Глава 19 Кит Театр «Глобус», Бэнксайд, Лондон 19 декабря 1601 года

Я нахожусь в гримерной слева от сцены и жду сигнала к выходу.

На сцене стоит стол на козлах, на длинной лавке сидят Томас Алар и Аарон Бартон. Сегодня первая репетиция в костюмах, и мы все хохочем, глядя на густо намазанных гримом парней в платьях и париках.

Приземистый маленький Аарон с криво намалеванными губами облачен в платье со слишком глубоким вырезом, открывающим половину голой груди. Портниха, которая сшила его, госпожа Люси, только учится и напутала с мерками (не знаю, перепутала, что ли, рост и обхват груди?). Госпожа Лаветт чуть не разрыдалась, увидев, что добрых три фута подола тащатся по полу, а вырез спускается чуть не до пупка, открывая на всеобщее обозрение густые рыжие волосы на груди. Аарон умирал от смеха, а мастер Шекспир объявил, что это плюснарно. Никто не понял, что имеется в виду, но, наверное, что-то хорошее, потому что платье оставили (хотя, если подумать, может, и что-то плохое, ведь наказаны скорее мы, чем Аарон, потому что именно нам приходится на него смотреть).
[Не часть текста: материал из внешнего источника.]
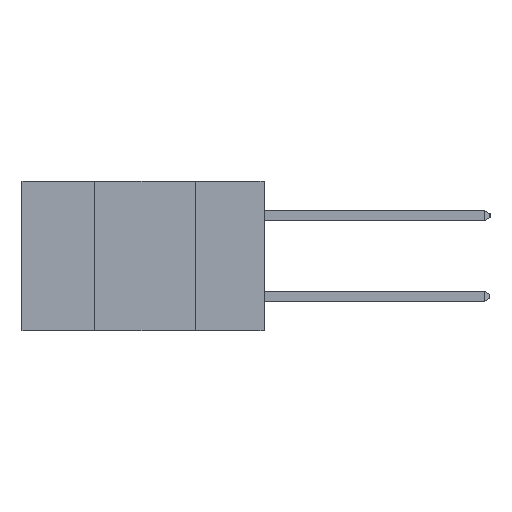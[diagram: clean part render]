
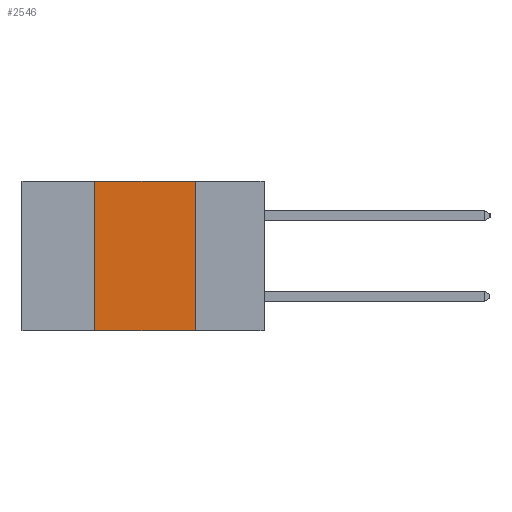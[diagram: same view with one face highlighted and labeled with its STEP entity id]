
A CAD part, left-side view. The second image highlights one B-rep face of the part: STEP entity #2546.
In plain terms, the highlighted planar face has unit normal (-1, 0, 0).
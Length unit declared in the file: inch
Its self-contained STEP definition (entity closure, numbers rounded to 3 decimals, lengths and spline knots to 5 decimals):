
#1181 = LINE ( 'NONE', #2153, #12783 ) ;
#1298 = ORIENTED_EDGE ( 'NONE', *, *, #3796, .F. ) ;
#2006 = DIRECTION ( 'NONE',  ( 0., 0., 1. ) ) ;
#2153 = CARTESIAN_POINT ( 'NONE',  ( 0., 0.6, -0.37 ) ) ;
#2188 = EDGE_CURVE ( 'NONE', #3852, #6266, #12042, .T. ) ;
#2546 = ADVANCED_FACE ( 'NONE', ( #2971 ), #9832, .F. ) ;
#2585 = ORIENTED_EDGE ( 'NONE', *, *, #8984, .T. ) ;
#2803 = CARTESIAN_POINT ( 'NONE',  ( 0., 0.42, 0. ) ) ;
#2971 = FACE_OUTER_BOUND ( 'NONE', #11895, .T. ) ;
#2972 = DIRECTION ( 'NONE',  ( 0., -1., 0. ) ) ;
#3703 = CARTESIAN_POINT ( 'NONE',  ( 0., 0.42, -0.37 ) ) ;
#3796 = EDGE_CURVE ( 'NONE', #11237, #3852, #7047, .T. ) ;
#3852 = VERTEX_POINT ( 'NONE', #3928 ) ;
#3928 = CARTESIAN_POINT ( 'NONE',  ( 0., 0.17, 0. ) ) ;
#3944 = CARTESIAN_POINT ( 'NONE',  ( 0., 0.17, -0.37 ) ) ;
#3990 = DIRECTION ( 'NONE',  ( 0., 0., -1. ) ) ;
#5098 = CARTESIAN_POINT ( 'NONE',  ( 0., 0.6, 0. ) ) ;
#5107 = VECTOR ( 'NONE', #2972, 39.37008 ) ;
#6006 = DIRECTION ( 'NONE',  ( 0., -1., 0. ) ) ;
#6266 = VERTEX_POINT ( 'NONE', #7086 ) ;
#6678 = AXIS2_PLACEMENT_3D ( 'NONE', #6788, #10017, #3990 ) ;
#6788 = CARTESIAN_POINT ( 'NONE',  ( 0., 0.6, 0. ) ) ;
#6951 = LINE ( 'NONE', #3703, #12789 ) ;
#7047 = LINE ( 'NONE', #5098, #5107 ) ;
#7086 = CARTESIAN_POINT ( 'NONE',  ( 0., 0.17, -0.37 ) ) ;
#7243 = DIRECTION ( 'NONE',  ( 0., 0., -1. ) ) ;
#8660 = ORIENTED_EDGE ( 'NONE', *, *, #11277, .F. ) ;
#8984 = EDGE_CURVE ( 'NONE', #10802, #6266, #1181, .T. ) ;
#9121 = VECTOR ( 'NONE', #7243, 39.37008 ) ;
#9825 = ORIENTED_EDGE ( 'NONE', *, *, #2188, .F. ) ;
#9832 = PLANE ( 'NONE',  #6678 ) ;
#10017 = DIRECTION ( 'NONE',  ( 1., 0., 0. ) ) ;
#10802 = VERTEX_POINT ( 'NONE', #12675 ) ;
#11237 = VERTEX_POINT ( 'NONE', #2803 ) ;
#11277 = EDGE_CURVE ( 'NONE', #10802, #11237, #6951, .T. ) ;
#11895 = EDGE_LOOP ( 'NONE', ( #9825, #1298, #8660, #2585 ) ) ;
#12042 = LINE ( 'NONE', #3944, #9121 ) ;
#12675 = CARTESIAN_POINT ( 'NONE',  ( 0., 0.42, -0.37 ) ) ;
#12783 = VECTOR ( 'NONE', #6006, 39.37008 ) ;
#12789 = VECTOR ( 'NONE', #2006, 39.37008 ) ;

Томас Алар в роли Оливии ничуть не лучше: лицо его густо выбелено, губы намазаны красным, щеки — ярко-розовым, брови нарисованы темным, а на голове сидит смоляной парик с тугими кудрями. Платье тоже заслуживает внимания: черное, с длинными рукавами и высоким воротником, отделанное затейливыми белыми рюшами. На женщину он все равно не похож, особенно на мой взгляд. Ему восемнадцать, перестать играть женщин стоило года два назад. Он слишком высок и крепок, пышные рюши скрывают выдающийся кадык. Говорит он неровным фальцетом, а в этой сцене еще и напяливает плотную темную вуаль. Как на похороны. Но при этом Томас хороший актер. Он подчеркивает свою мужественность, вызывая всеобщий смех. А ходит так, как будто плывет над полом. Когда мастер Шекспир впервые увидел эту забавную походку, то хохотал так, что чуть не обмочился.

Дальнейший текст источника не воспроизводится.